Our normal Sunday afternoon activity is to go to a movie with brother-in-law Jeff and his wife, Lisa. Today we went to see the new Anthony Hopkins movie One Life, about the life of Nicky Winton, the British version of Oscar Schindler, who helped save 690 refugee children from Prague as the the forces of Adolf Hitler advanced in their quest for European Arian domination. It was a moving story of human compassion in the face of genocidal evil. It did what these movies are intended to do, it reminded us of the importance of kindness in a world that is constantly overwhelmed by forces that place priority on things other than people. As much as there was no reference to the world of today, it was impossible to watch this movie, that showed a series of seemingly normal daily lives of people at a time when such unspeakable events couldn’t possibly happen and yet did, and then not think of our world today where it seems impossible for such events to reoccur. It is April on my hilltop after all. These events in Prague were a mere 85 years ago and yet we are witnessing similar events underway right now and perhaps on the verge of happening on an even larger scale if we allow the forces of evil to overwhelm our better angels yet again. I am reminded that we are only one degree of separation away from being the kind of people that the world will always look back on and wonder how could such things be allowed to happen. April should not let us forget the rattlesnakes of May.

As for that one degree of separation, the movie also reminded me of how close my life has been to events such as these. The reason the world knows about Nicky Winton and his extreme acts of valor and compassion is because his story found its way to a media billionaire who had been in Prague at the same time. That was none other than Robert Maxwell, and he discovered the Nicky Winton story in 1988, one year before I was tasked to go to Buenos Aires with him for three weeks to help him find and assess Argentine investment opportunities. At that time I was unaware of his Nicky Winton connection, so imagine my surprise in the movie theater to be reminded that we are all only a small degree of separation away from great evil or great kindness.

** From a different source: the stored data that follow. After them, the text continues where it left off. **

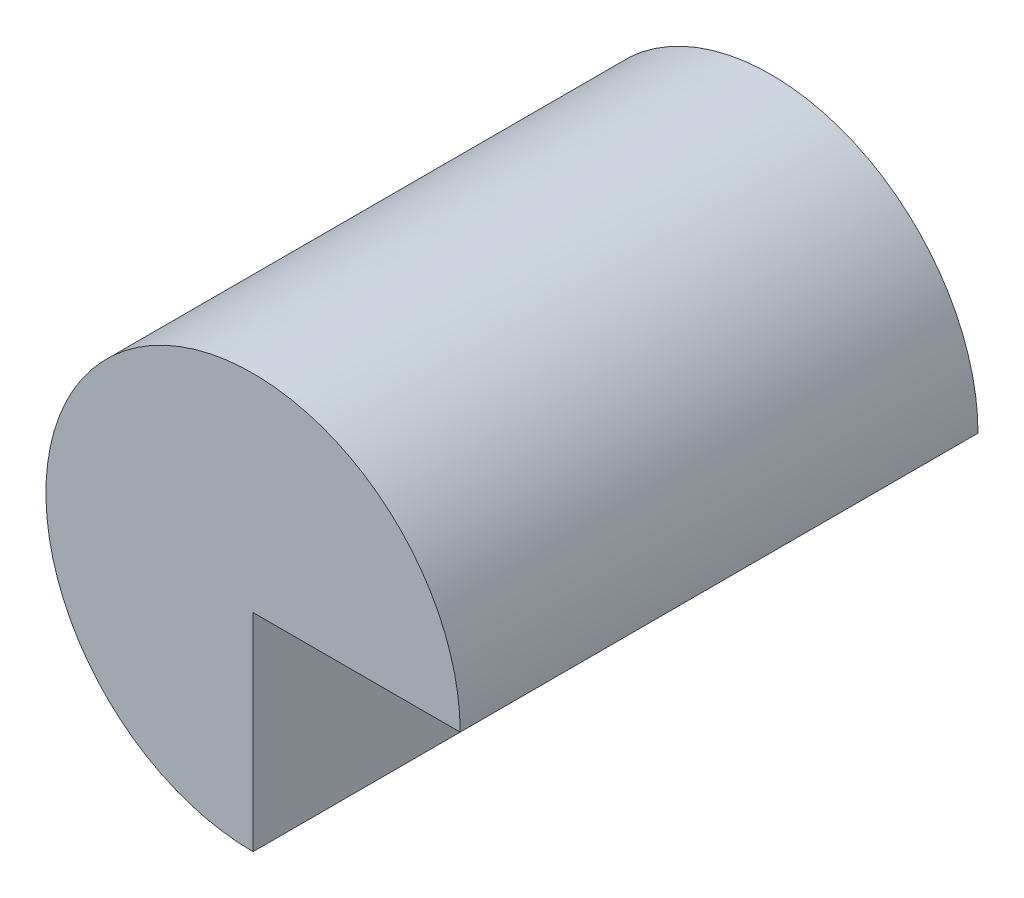
SolidWorks part; units mm, degrees
ref_plane "Front Plane" through (0, 0, 0) normal (0, 0, 1) x (1, 0, 0)
ref_plane "Top Plane" through (0, 0, 0) normal (0, 1, 0) x (1, 0, 0)
ref_plane "Right Plane" through (0, 0, 0) normal (1, 0, 0) x (0, 0, -1)
sketch "Sketch1" plane through (0, 0, 0) normal (0, 0, 1) x (1, 0, 0)
  line L0 (-10, -10) -> (-10, 0)
  line L1 (-10, 0) -> (0, 0)
  arc A0 (-10, -10) -> (0, 0) centre (-10, 0) cw
  dimension "D1" = 10
extrude "Boss-Extrude1" add sketch "Sketch1" along normal blind 25
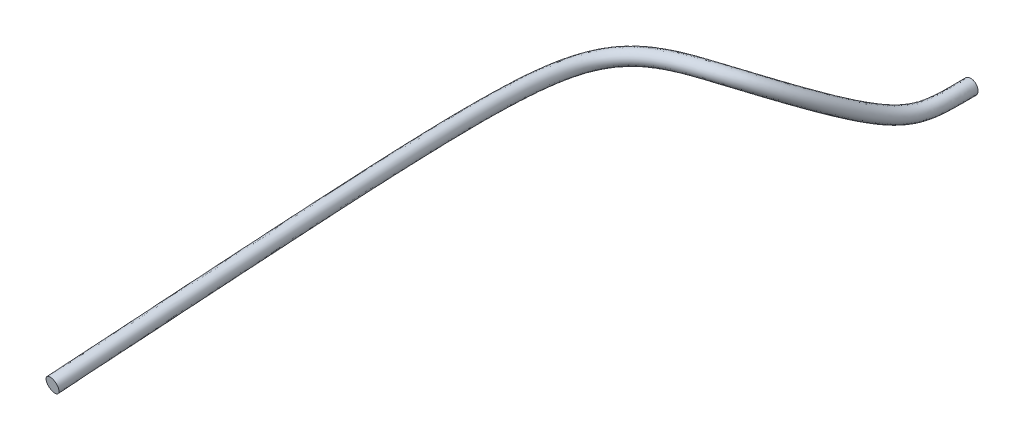
SolidWorks part; units mm, degrees
ref_plane "Front" through (0, 0, 0) normal (0, 0, 1) x (1, 0, 0)
ref_plane "Top" through (0, 0, 0) normal (0, 1, 0) x (1, 0, 0)
ref_plane "Right" through (0, 0, 0) normal (1, 0, 0) x (0, 0, -1)
sketch "Sketch1" plane through (0, 0, 0) normal (0, 0, 1) x (1, 0, 0)
  line L0 (0, 1.15) -> (0, -1.15) construction
  line L2 (1.15, 0) -> (0, 0) construction
  circle A0 centre (0, 0) radius 1.15
  dimension "D1" = 2.3
sketch3d "3DSketch1"
  line L1 (0, 0, 0) -> (0, 0, 5.3857) construction
  line L2 (0, 1.15, 0) -> (0, -1.15, 0) construction
  line L3 (1.15, 0, 0) -> (0, 0, 0) construction
  spline S0 degree 3 poles (0, 0, 0) (0, 0, 5.5543) (-0.9257, -1.4755, 10.0256) (-7.9682, 12.9946, 30.6683) (-32.6951, 5.2549, 29.034) (-25.7181, 10.0675, 61.1851) (-31.9989, -0.1151, 113.9015) knots 0 0 0 0 0.255985 0.525952 0.698297 1 1 1 1
  point P8 (0.4739, 7.5416, 20.5164)
  point P13 (0, 0, 0)
  point P14 (-1.448, 1.9724, 13.3046)
  point P15 (-1.9106, 2.1211, 13.2033)
  point P16 (-1.7852, 2.3999, 13.5764)
  point P17 (-1.8056, 1.7464, 12.9613)
  point P18 (-1.9569, 1.8298, 12.9242)
  point P19 (0, 0, 0)
  point P20 (-2.9315, 16.6918, 38.6479)
  point P21 (-10.6146, 15.2678, 42.0455)
  point P22 (-26.4681, 3.2433, 65.2741)
  point P23 (-1.0354, 1.5502, 127.6737)
  point P24 (-28.0135, 8.5642, 82.8155)
  point P25 (-13.2772, 19.7036, 34.2107)
  point P26 (-27.803, 16.0569, 45.4909)
  point P27 (-32.0889, 13.842, 73.0865)
  point P28 (-31.6589, 4.2914, 114.6284)
  point P29 (0, 0, 0)
  point P30 (0, 0, 0)
  point P31 (-25.1904, 11.4927, 72.1204)
sweep "Sweep1" add profiles "Sketch1" path "3DSketch1"
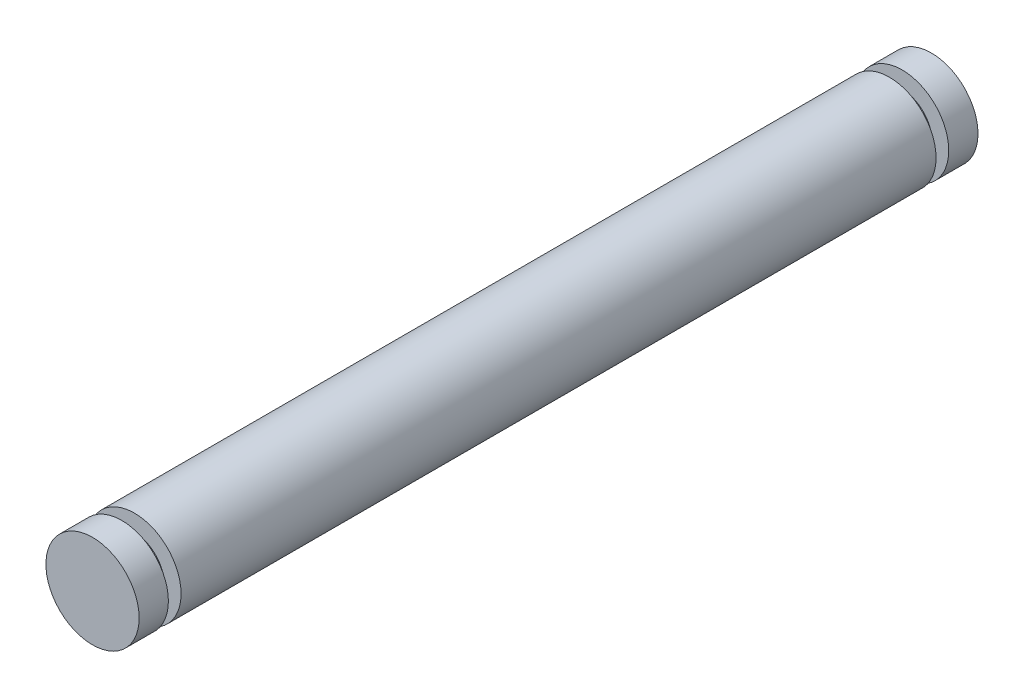
SolidWorks part; units mm, degrees
ref_plane "Front Plane" through (0, 0, 0) normal (0, 0, 1) x (1, 0, 0)
ref_plane "Top Plane" through (0, 0, 0) normal (0, 1, 0) x (1, 0, 0)
ref_plane "Right Plane" through (0, 0, 0) normal (1, 0, 0) x (0, 0, -1)
sketch "Sketch1" plane through (0, 0, 0) normal (0, 0, 1) x (1, 0, 0)
  circle A0 centre (0, 0) radius 2.5
  dimension "D1" = 5
extrude "Boss-Extrude1" add sketch "Sketch1" against normal blind 45
sketch "Sketch2" plane through (0, 0, 0) normal (1, 0, 0) x (0, 0, -1)
  line L0 (0, 2.5) -> (1.57, 2.5) construction
  line L1 (45, 2.5) -> (0, 2.5) construction
  line L2 (1.57, 2.5) -> (1.57, 1.6)
  line L3 (1.57, 1.6) -> (2.25, 1.6)
  line L4 (2.25, 1.6) -> (2.25, 2.5)
  line L5 (2.25, 2.5) -> (1.57, 2.5)
  line L6 (0, -2.5) -> (1.57, -2.5) construction
  line L7 (0, -2.5) -> (45, -2.5) construction
  line L8 (1.57, -2.5) -> (1.57, -1.6) construction
  line L9 (1.57, -1.6) -> (2.25, -1.6) construction
  line L10 (2.25, -1.6) -> (2.25, -2.5) construction
  line L11 (2.25, -2.5) -> (1.57, -2.5) construction
  line L12 (22.5, 2.5) -> (22.5, -2.5) construction
  line L13 (45, 2.5) -> (43.43, 2.5) construction
  line L14 (42.75, 2.5) -> (43.43, 2.5)
  line L15 (42.75, 1.6) -> (42.75, 2.5)
  line L16 (43.43, 1.6) -> (42.75, 1.6)
  line L17 (43.43, 2.5) -> (43.43, 1.6)
  line L18 (0, 0) -> (45, 0) construction
  line L19 (45, -2.5) -> (45, 2.5) construction
  dimension "D1" = 3.2
  dimension "D2" = 0.68
  dimension "D3" = 2.25
revolve "Cut-Revolve1" cut sketch "Sketch2" angle 360 about L18

As I look over my April panorama on this hilltop, I find myself reflecting on all the wonderful things about my life in this place and then I imagine those people in Europe in 1939 that felt the same way about their lives and their version of their April panorama. We must all do everything we can to help move the world towards kindness at every turn. I made another donation to Joe Biden this morning with that thought in mind. We cannot look over all the wonders of the world and sit on our perches and do nothing to help the better angels overcome that dark side of man that can look at the same April panorama and see only greed and opportunism. The weather may be pleasant today, but the storm clouds are never far away and we must always stay vigilant by reminding ourselves that the good always needs help to persevere.